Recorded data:
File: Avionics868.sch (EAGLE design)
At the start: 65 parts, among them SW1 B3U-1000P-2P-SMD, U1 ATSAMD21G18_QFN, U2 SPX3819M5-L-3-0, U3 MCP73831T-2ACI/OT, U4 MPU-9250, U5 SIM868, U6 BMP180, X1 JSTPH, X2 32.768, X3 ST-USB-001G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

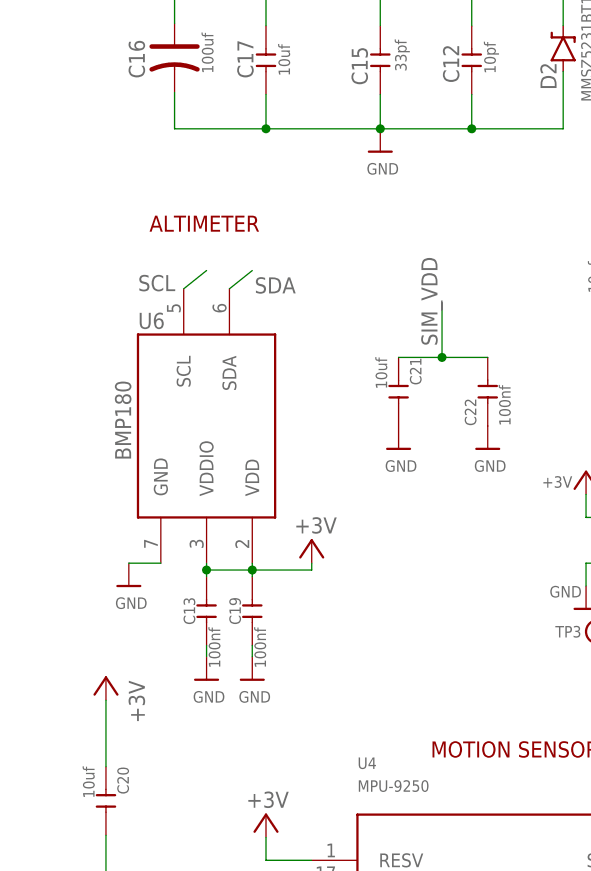
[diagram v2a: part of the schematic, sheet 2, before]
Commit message: Swapped obsolete part BMP180 for BMP280
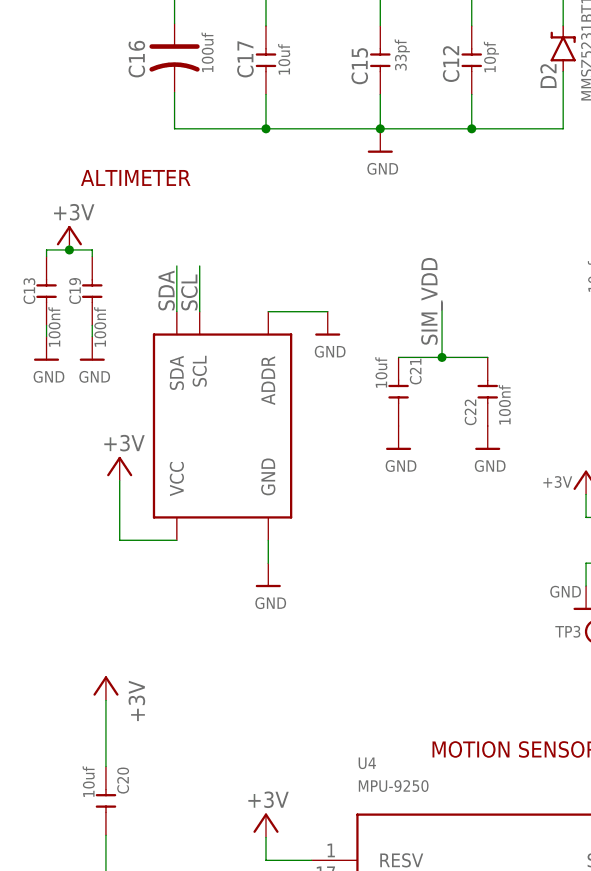
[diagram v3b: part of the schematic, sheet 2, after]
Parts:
- U6: value BMP180 -> BMP280; device SparkFun-Sensors:BMP180 -> BMP280:BMP280
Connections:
- net +3V: now also U6.VCC; no longer U6.VDD, U6.VDDIO
- net GND: now also U6.ADDR
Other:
- moved on the sheet: C13, C19
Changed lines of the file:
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@@
 <part name="R1" library="Seeed-Resistor-2016" deviceset="SMD-RES-100K-5%-1/10W(0603)" device="" value="100K 1/10W"/>
 <part name="FRAME2" library="microbuilder" deviceset="FRAME_A4" device=""/>
-<part name="U6" library="SparkFun-Sensors" deviceset="BMP180" device=""/>
 <part name="U4" library="misc" deviceset="MPU-9250" device=""/>
 <part name="C13" library="Seeed-Capacitor-2016" deviceset="CERAMIC-100NF-25V-10%-X7R(0402)" device="" value="100nf"/>
@@
 <part name="U$14" library="microbuilder" deviceset="GND" device=""/>
 <part name="U$15" library="microbuilder" deviceset="GND" device=""/>
-<part name="U$17" library="microbuilder" deviceset="GND" device=""/>
 <part name="U$18" library="microbuilder" deviceset="GND" device=""/>
 <part name="U$23" library="microbuilder" deviceset="GND" device=""/>
@@
 <part name="X3" library="Seeed-Connector -2016" deviceset="MICRO-USB-SMD-B-WITHOUT-POST-W/P(ST-USB-001G)" device="" value="ST-USB-001G"/>
 <part name="GND2" library="supply1" deviceset="GND" device=""/>
+<part name="U6" library="BMP280" deviceset="BMP280" device=""/>
+<part name="U$53" library="microbuilder" deviceset="GND" device=""/>
+<part name="U$54" library="microbuilder" deviceset="GND" device=""/>
+<part name="+3V15" library="Custom" deviceset="+3V" device=""/>
 </parts>
 <sheets>
@@
 <sheet>
 <plain>
-<text x="20.066" y="128.27" size="1.778" layer="94">ALTIMETER</text>
+<text x="12.446" y="133.35" size="1.778" layer="94">ALTIMETER</text>
 <text x="51.308" y="69.85" size="1.778" layer="94">MOTION SENSOR</text>
 <text x="91.44" y="129.54" size="1.778" layer="94">MICROSD / NANOSIM</text>
@@
 <instances>
 <instance part="FRAME2" gate="G$1" x="0" y="0"/>
-<instance part="U6" gate="G$1" x="26.416" y="106.68" smashed="yes" rot="R270">
-<attribute name="NAME" x="18.796" y="117.475" size="1.778" layer="95"/>
-<attribute name="VALUE" x="16.256" y="111.76" size="1.778" layer="96" rot="R270"/>
-</instance>
 <instance part="U4" gate="G$1" x="60.96" y="43.18"/>
-<instance part="C13" gate="G$1" x="26.416" y="86.106" smashed="yes" rot="R90">
-<attribute name="NAME" x="25.146" y="84.582" size="1.27" layer="95" ratio="10" rot="R90"/>
-<attribute name="VALUE" x="27.94" y="79.756" size="1.27" layer="96" ratio="10" rot="R90"/>
+<instance part="C13" gate="G$1" x="8.636" y="121.666" smashed="yes" rot="R90">
+<attribute name="NAME" x="7.366" y="120.142" size="1.27" layer="95" ratio="10" rot="R90"/>
+<attribute name="VALUE" x="10.16" y="115.316" size="1.27" layer="96" ratio="10" rot="R90"/>
 </instance>
 <instance part="C9" gate="G$1" x="97.79" y="30.48" rot="R180"/>
@@
 <instance part="U5" gate="G$1" x="198.12" y="68.58"/>
 <instance part="U$14" gate="G$1" x="45.72" y="137.16"/>
-<instance part="U$15" gate="G$1" x="26.416" y="78.486"/>
-<instance part="U$17" gate="G$1" x="17.78" y="88.9"/>
+<instance part="U$15" gate="G$1" x="8.636" y="114.046"/>
 <instance part="U$18" gate="G$1" x="104.14" y="27.94"/>
 <instance part="U$23" gate="G$1" x="88.9" y="40.64"/>
@@
 <instance part="U$26" gate="G$1" x="15.24" y="40.64"/>
 <instance part="U$37" gate="G$1" x="147.32" y="116.84"/>
-<instance part="+3V7" gate="G$1" x="38.1" y="93.98" smashed="yes" rot="MR0">
-<attribute name="VALUE" x="40.894" y="94.742" size="1.778" layer="96" rot="MR0"/>
+<instance part="+3V7" gate="G$1" x="11.176" y="128.778" smashed="yes" rot="MR0">
+<attribute name="VALUE" x="13.97" y="129.54" size="1.778" layer="96" rot="MR0"/>
 </instance>
 <instance part="+3V8" gate="G$1" x="91.44" y="55.88" smashed="yes" rot="MR0">
@@
 <attribute name="VALUE" x="33.274" y="49.276" size="1.778" layer="96" rot="MR0"/>
 </instance>
-<instance part="C19" gate="G$1" x="31.496" y="86.106" smashed="yes" rot="R90">
-<attribute name="NAME" x="30.226" y="84.582" size="1.27" layer="95" ratio="10" rot="R90"/>
-<attribute name="VALUE" x="33.02" y="79.756" size="1.27" layer="96" ratio="10" rot="R90"/>
-</instance>
-<instance part="U$7" gate="G$1" x="31.496" y="78.486"/>
+<instance part="C19" gate="G$1" x="13.716" y="121.666" smashed="yes" rot="R90">
+<attribute name="NAME" x="12.446" y="120.142" size="1.27" layer="95" ratio="10" rot="R90"/>
+<attribute name="VALUE" x="15.24" y="115.316" size="1.27" layer="96" ratio="10" rot="R90"/>
+</instance>
+<instance part="U$7" gate="G$1" x="13.716" y="114.046"/>
 <instance part="R4" gate="G$1" x="98.552" y="151.13" rot="R90"/>
 <instance part="R5" gate="G$1" x="106.172" y="151.13" rot="R90"/>
@@
 <instance part="U$35" gate="G$1" x="71.374" y="114.808"/>
 <instance part="U$51" gate="G$1" x="81.28" y="114.808"/>
+<instance part="U6" gate="G$1" x="28.194" y="106.68" rot="R90"/>
+<instance part="U$53" gate="G$1" x="39.878" y="116.84"/>
+<instance part="U$54" gate="G$1" x="33.274" y="88.9"/>
+<instance part="+3V15" gate="G$1" x="16.764" y="103.124" smashed="yes" rot="MR0">
+<attribute name="VALUE" x="19.558" y="103.886" size="1.778" layer="96" rot="MR0"/>
+</instance>
 </instances>
 <busses>
@@
 <net name="GND" class="0">
 <segment>
-<pinref part="U6" gate="G$1" pin="GND"/>
-<wire x1="17.78" y1="91.44" x2="21.336" y2="91.44" width="0.1524" layer="91"/>
-<pinref part="U$17" gate="G$1" pin="GND"/>
-</segment>
-<segment>
 <pinref part="U$15" gate="G$1" pin="GND"/>
 <pinref part="C13" gate="G$1" pin="1"/>
-<wire x1="26.416" y1="81.026" x2="26.416" y2="82.296" width="0.1524" layer="91"/>
+<wire x1="8.636" y1="116.586" x2="8.636" y2="117.856" width="0.1524" layer="91"/>
 </segment>
 <segment>
@@
 <pinref part="U$7" gate="G$1" pin="GND"/>
 <pinref part="C19" gate="G$1" pin="1"/>
-<wire x1="31.496" y1="81.026" x2="31.496" y2="82.296" width="0.1524" layer="91"/>
+<wire x1="13.716" y1="116.586" x2="13.716" y2="117.856" width="0.1524" layer="91"/>
 </segment>
 <segment>
@@
 <pinref part="U$51" gate="G$1" pin="GND"/>
 </segment>
+<segment>
+<pinref part="U6" gate="G$1" pin="ADDR"/>
+<wire x1="33.274" y1="119.38" x2="39.878" y2="119.38" width="0.1524" layer="91"/>
+<pinref part="U$53" gate="G$1" pin="GND"/>
+</segment>
+<segment>
+<pinref part="U6" gate="G$1" pin="GND"/>
+<pinref part="U$54" gate="G$1" pin="GND"/>
+<wire x1="33.274" y1="91.44" x2="33.274" y2="93.98" width="0.1524" layer="91"/>
+</segment>
 </net>
 <net name="SCL" class="0">
-<segment>
-<pinref part="U6" gate="G$1" pin="SCL"/>
-<wire x1="23.876" y1="121.92" x2="26.416" y2="123.952" width="0.1524" layer="91"/>
-<label x="18.796" y="121.666" size="1.778" layer="95"/>
-</segment>
 <segment>
 <pinref part="U4" gate="G$1" pin="SCL/SCLK"/>
@@
 <pinref part="R4" gate="G$1" pin="1"/>
 </segment>
+<segment>
+<pinref part="U6" gate="G$1" pin="SCL"/>
+<wire x1="25.654" y1="119.38" x2="25.654" y2="124.46" width="0.1524" layer="91"/>
+<label x="25.4" y="119.38" size="1.778" layer="95" rot="R90"/>
+</segment>
 </net>
 <net name="SDA" class="0">
-<segment>
-<pinref part="U6" gate="G$1" pin="SDA"/>
-<wire x1="28.956" y1="121.92" x2="31.496" y2="123.952" width="0.1524" layer="91"/>
-<label x="31.75" y="121.412" size="1.778" layer="95"/>
-</segment>
 <segment>
 <pinref part="U4" gate="G$1" pin="SDA/SDI"/>
@@
 <label x="103.632" y="143.51" size="1.778" layer="95"/>
 <pinref part="R5" gate="G$1" pin="1"/>
+</segment>
+<segment>
+<pinref part="U6" gate="G$1" pin="SDA"/>
+<wire x1="23.114" y1="119.38" x2="23.114" y2="124.46" width="0.1524" layer="91"/>
+<label x="22.86" y="119.38" size="1.778" layer="95" rot="R90"/>
 </segment>
 </net>
@@
 <segment>
 <pinref part="C13" gate="G$1" pin="2"/>
-<wire x1="26.416" y1="91.44" x2="26.416" y2="90.678" width="0.1524" layer="91"/>
 <pinref part="C19" gate="G$1" pin="2"/>
-<wire x1="26.416" y1="90.678" x2="26.416" y2="89.916" width="0.1524" layer="91"/>
-<wire x1="31.496" y1="91.44" x2="31.496" y2="90.678" width="0.1524" layer="91"/>
-<wire x1="31.496" y1="90.678" x2="31.496" y2="89.916" width="0.1524" layer="91"/>
-<wire x1="26.416" y1="90.678" x2="31.496" y2="90.678" width="0.1524" layer="91"/>
+<wire x1="8.636" y1="126.238" x2="8.636" y2="125.476" width="0.1524" layer="91"/>
+<wire x1="13.716" y1="126.238" x2="13.716" y2="125.476" width="0.1524" layer="91"/>
+<wire x1="8.636" y1="126.238" x2="11.176" y2="126.238" width="0.1524" layer="91"/>
 <pinref part="+3V7" gate="G$1" pin="+3V"/>
-<wire x1="31.496" y1="90.678" x2="38.1" y2="90.678" width="0.1524" layer="91"/>
-<wire x1="38.1" y1="90.678" x2="38.1" y2="91.44" width="0.1524" layer="91"/>
-<junction x="26.416" y="90.678"/>
-<junction x="31.496" y="90.678"/>
-<pinref part="U6" gate="G$1" pin="VDD"/>
-<pinref part="U6" gate="G$1" pin="VDDIO"/>
+<wire x1="11.176" y1="126.238" x2="13.716" y2="126.238" width="0.1524" layer="91"/>
+<junction x="11.176" y="126.238"/>
 </segment>
 <segment>
@@
 <junction x="76.2" y="124.968"/>
 </segment>
-</net>
+<segment>
+<pinref part="U6" gate="G$1" pin="VCC"/>
+<wire x1="23.114" y1="93.98" x2="16.764" y2="93.98" width="0.1524" layer="91"/>
+<wire x1="16.764" y1="93.98" x2="16.764" y2="100.584" width="0.1524" layer="91"/>
+<pinref part="+3V15" gate="G$1" pin="+3V"/>
+</segment>
+</net>

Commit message: Made lots of tweaks!
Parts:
- removed GPS_ANT, GSM_ANT: U-FL, Seeed-Connector -2016:ANTENNA-CONN-U-FL(3P)
- added C25: 100nf, Seeed-Capacitor-2016:CERAMIC-100NF-50V-10%-X7R(0603)
- added C26: 10nf, Seeed-Capacitor-2016:CERAMIC-10NF-50V-10%-X7R(0603)
- added C27, C28, C29: 10uf, Seeed-Capacitor-2016:CERAMIC-10UF-10V-10%-X5R(0603)
- added X5, X6: U-FL, Seeed-Connector -2016:ANTENNA-CONN-U-FL(3P)
- C1, C14, C7: value 1uF -> 1uf; device microbuilder:CAP_CERAMIC0603_NO -> Seeed-Capacitor-2016:CERAMIC-1UF-25V-10%-X7R(0603)
- C10: device Seeed-Capacitor-2016:CERAMIC-10NF-50V-10%-X7R(0402) -> Seeed-Capacitor-2016:CERAMIC-10NF-50V-10%-X7R(0603)
- C11, C13, C9: device Seeed-Capacitor-2016:CERAMIC-100NF-25V-10%-X7R(0402) -> Seeed-Capacitor-2016:CERAMIC-100NF-50V-10%-X7R(0603)
- C12: device Seeed-Capacitor-2016:CERAMIC-10PF-50V-5%-NPO(0402) -> Seeed-Capacitor-2016:CERAMIC-10PF-50V-5%-NPO(0603)
- C15: device Seeed-Capacitor-2016:CERAMIC-33PF-50V-5%-NPO(0402) -> Custom:CERAMIC-33PF-50V-5%-NPO(0603)
- C19, C22, C24: value 100nf -> 10nf; device Seeed-Capacitor-2016:CERAMIC-100NF-25V-10%-X7R(0402) -> Seeed-Capacitor-2016:CERAMIC-10NF-50V-10%-X7R(0603)
- C2, C4: value 22pF -> 22pf; device microbuilder:CAP_CERAMIC0603_NO -> Seeed-Capacitor-2016:CERAMIC-22PF-50V-5%-NPO(0603)
- C21, C23: value 10uf -> 100nf; device Seeed-Capacitor-2016:CERAMIC-10UF-10V-10%-X5R(0603) -> Seeed-Capacitor-2016:CERAMIC-100NF-50V-10%-X7R(0603)
- R3, R9: device Seeed-Resistor-2016:SMD-RES-100K-1%-1/16W(0402) -> Seeed-Resistor-2016:SMD-RES-100K-1%-1/10W(0603)
- R4, R5: device Seeed-Resistor-2016:SMD-RES-4.7K-5%-1/16W(0402) -> Seeed-Resistor-2016:SMD-RES-4.7K-5%-1/10W(0603)
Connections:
- net +3V: now also C20.2, C23.2, C27.2, C28.2; no longer C20.1, C23.1
- net GND: now also C20.1, C21.1, C23.1, C25.1, C26.1, C27.1, C28.1, C29.1, X5.GND1, X5.GND2, X6.GND1, X6.GND2; no longer C20.2, C21.2, C23.2, GPS_ANT.GND1, GPS_ANT.GND2, GSM_ANT.GND1, GSM_ANT.GND2
- net GPS_ANT: now also X6.D; no longer GPS_ANT.D
- net GSM_ANT: now also X5.D; no longer GSM_ANT.D
- net SIM_VDD: now also C21.2, C29.2; no longer C21.1
- net VBAT: now also C25.2, C26.2
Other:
- note added: "ANTENNAS"
- note added: "ESD SIM-CARD"
- note added: "SIM+SD COMBO SLOT"
- note removed: "ESD-PROTECTION"
- note removed: "GPS+GSM DECOUPLING"
- note removed: "MICROSD / NANOSIM"
- moved on the sheet: C10, C11, C12, C13, C15, C16, C17, C18, C19, C20, C21, C22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

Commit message: LOTS of tweaks. No more 403s.
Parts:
- removed C27: 10uf, Seeed-Capacitor-2016:CERAMIC-10UF-10V-10%-X5R(0603)
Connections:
- net +3V: no longer C27.2
- net GND: no longer C27.1
- net SIM_CLK: now also D3.C1; no longer D3.C3
- net SIM_DATA: now also D3.C2; no longer D3.C4
- net SIM_RST: now also D3.C4; no longer D3.C2
- net SIM_VDD: now also D3.C3; no longer D3.C1
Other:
- moved on the sheet: C13, C19, C20

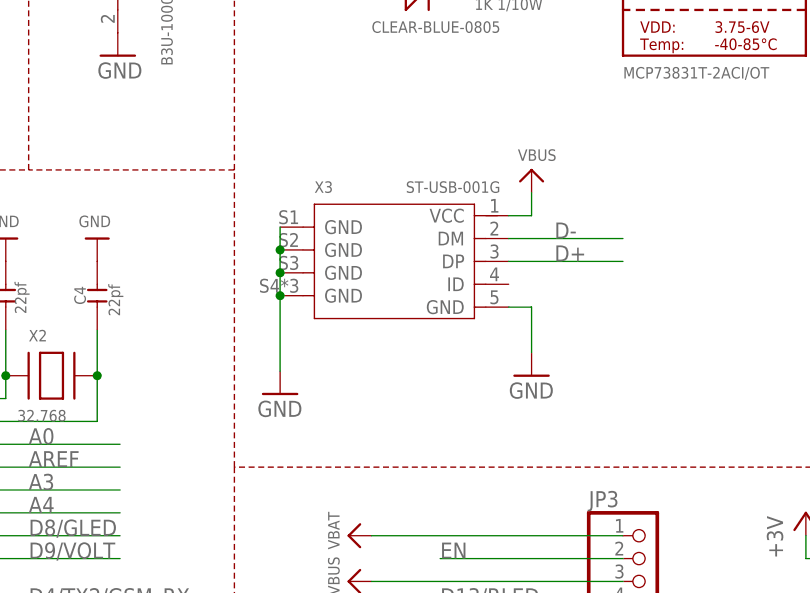
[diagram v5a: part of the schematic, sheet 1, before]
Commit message: Swapped USB port to deegou
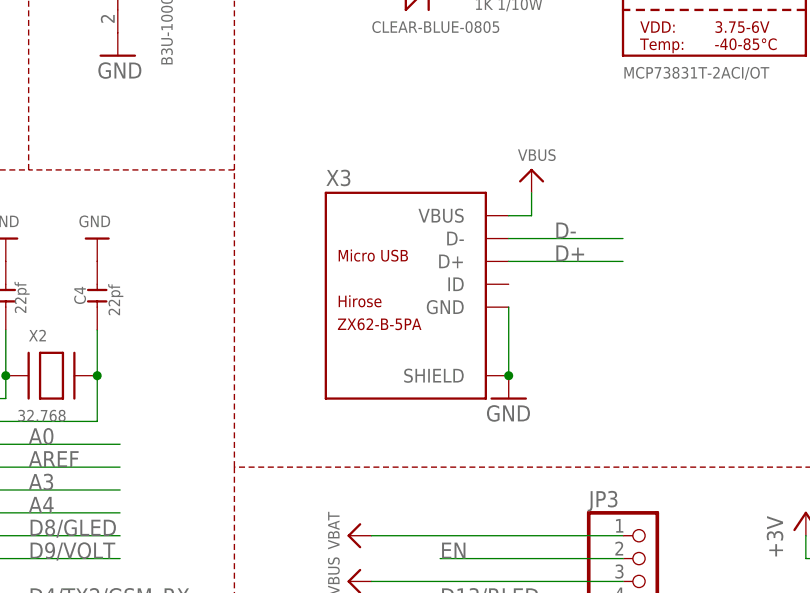
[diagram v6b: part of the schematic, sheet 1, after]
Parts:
- X3: value ST-USB-001G -> (none); device Seeed-Connector -2016:MICRO-USB-SMD-B-WITHOUT-POST-W/P(ST-USB-001G) -> Deegou-Connectors:AO1SB141B1-067
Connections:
- net D+: now also X3.D+; no longer X3.DP
- net D-: now also X3.D-; no longer X3.DM
- net GND: now also X3.GND, X3.SHIELD; no longer X3.GND@1, X3.GND@2, X3.GND@3, X3.GND@4, X3.GND@5
- net VBUS: now also X3.VBUS; no longer X3.VCC
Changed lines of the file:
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@@
 <part name="U$45" library="microbuilder" deviceset="GND" device=""/>
 <part name="SW1" library="Seeed-Switch-2016" deviceset="SMD-BUTTON(2P-3.0X2.5X1.2+0.4MM)" device="-B3U-1000P-2P-SMD" value="B3U-1000P-2P-SMD"/>
-<part name="X3" library="Seeed-Connector -2016" deviceset="MICRO-USB-SMD-B-WITHOUT-POST-W/P(ST-USB-001G)" device="" value="ST-USB-001G"/>
-<part name="GND2" library="supply1" deviceset="GND" device=""/>
 <part name="U6" library="BMP280" deviceset="BMP280" device=""/>
 <part name="U$53" library="microbuilder" deviceset="GND" device=""/>
@@
 <part name="U$13" library="microbuilder" deviceset="VBAT" device=""/>
 <part name="U$14" library="microbuilder" deviceset="GND" device=""/>
+<part name="X3" library="Deegou-Connectors" deviceset="AO1SB141B1-067" device=""/>
 </parts>
 <sheets>
@@
 <instance part="U$29" gate="G$1" x="50.8" y="127"/>
 <instance part="U$30" gate="G$1" x="27.94" y="127"/>
-<instance part="GND1" gate="1" x="167.64" y="99.06"/>
+<instance part="GND1" gate="1" x="165.1" y="96.52"/>
 <instance part="GND12" gate="1" x="83.82" y="127" rot="MR0"/>
 <instance part="L1" gate="G$1" x="246.38" y="50.8" rot="R270"/>
@@
 <attribute name="VALUE" x="126.492" y="148.844" size="1.27" layer="96" ratio="10" rot="R270"/>
 </instance>
-<instance part="X3" gate="USB" x="152.4" y="111.76"/>
-<instance part="GND2" gate="1" x="139.7" y="97.028"/>
+<instance part="X3" gate="G$1" x="154.94" y="106.68"/>
 </instances>
 <busses>
@@
 <pinref part="U$29" gate="G$1" pin="GND"/>
 <wire x1="50.8" y1="130.81" x2="50.8" y2="129.54" width="0.1524" layer="91"/>
-</segment>
-<segment>
-<wire x1="165.1" y1="106.68" x2="167.64" y2="106.68" width="0.1524" layer="91"/>
-<wire x1="167.64" y1="106.68" x2="167.64" y2="101.6" width="0.1524" layer="91"/>
-<pinref part="GND1" gate="1" pin="GND"/>
-<pinref part="X3" gate="USB" pin="GND@5"/>
 </segment>
 <segment>
@@
 </segment>
 <segment>
-<pinref part="X3" gate="USB" pin="GND@1"/>
-<wire x1="139.7" y1="115.57" x2="139.7" y2="113.03" width="0.1524" layer="91"/>
-<pinref part="GND2" gate="1" pin="GND"/>
-<pinref part="X3" gate="USB" pin="GND@2"/>
-<junction x="139.7" y="113.03"/>
-<wire x1="139.7" y1="113.03" x2="139.7" y2="110.49" width="0.1524" layer="91"/>
-<pinref part="X3" gate="USB" pin="GND@3"/>
-<junction x="139.7" y="110.49"/>
-<wire x1="139.7" y1="110.49" x2="139.7" y2="107.95" width="0.1524" layer="91"/>
-<pinref part="X3" gate="USB" pin="GND@4"/>
-<junction x="139.7" y="107.95"/>
-<wire x1="139.7" y1="107.95" x2="139.7" y2="99.568" width="0.1524" layer="91"/>
+<wire x1="165.1" y1="106.68" x2="165.1" y2="99.06" width="0.1524" layer="91"/>
+<pinref part="GND1" gate="1" pin="GND"/>
+<pinref part="X3" gate="G$1" pin="GND"/>
+<pinref part="X3" gate="G$1" pin="SHIELD"/>
+<junction x="165.1" y="99.06"/>
 </segment>
 </net>
@@
 <wire x1="167.64" y1="116.84" x2="167.64" y2="119.38" width="0.1524" layer="91"/>
 <pinref part="U$1" gate="G$1" pin="VBUS"/>
-<pinref part="X3" gate="USB" pin="VCC"/>
+<pinref part="X3" gate="G$1" pin="VBUS"/>
 </segment>
 <segment>
@@
 <wire x1="165.1" y1="111.76" x2="177.8" y2="111.76" width="0.1524" layer="91"/>
 <label x="170.18" y="111.76" size="1.778" layer="95"/>
-<pinref part="X3" gate="USB" pin="DP"/>
+<pinref part="X3" gate="G$1" pin="D+"/>
 </segment>
 <segment>
@@
 <wire x1="177.8" y1="114.3" x2="165.1" y2="114.3" width="0.1524" layer="91"/>
 <label x="170.18" y="114.3" size="1.778" layer="95"/>
-<pinref part="X3" gate="USB" pin="DM"/>
-</segment>
-<segment>
+<pinref part="X3" gate="G$1" pin="D-"/>
+</segment>
+<segment>

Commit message: added seeed MPN as attribute on Deegou USB port
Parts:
- X3: value (none) -> ZX62-B-5PA; SEEED (none) -> ZX62-B-5PA
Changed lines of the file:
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@@
 <part name="U$13" library="microbuilder" deviceset="VBAT" device=""/>
 <part name="U$14" library="microbuilder" deviceset="GND" device=""/>
-<part name="X3" library="Deegou-Connectors" deviceset="AO1SB141B1-067" device=""/>
+<part name="X3" library="Deegou-Connectors" deviceset="AO1SB141B1-067" device="" value="ZX62-B-5PA">
+<attribute name="SEEED" value="ZX62-B-5PA"/>
+</part>
 </parts>
 <sheets>
@@
 <attribute name="VALUE" x="126.492" y="148.844" size="1.27" layer="96" ratio="10" rot="R270"/>
 </instance>
-<instance part="X3" gate="G$1" x="154.94" y="106.68"/>
+<instance part="X3" gate="G$1" x="154.94" y="106.68">
+<attribute name="SEEED" x="154.94" y="106.68" size="1.778" layer="96" display="off"/>
+</instance>
 </instances>
 <busses>

## TASK ITEM
When a line of the records above contains the string "diagram", count it once; then give the total and nothing else.

## EXERCISE ANSWER
4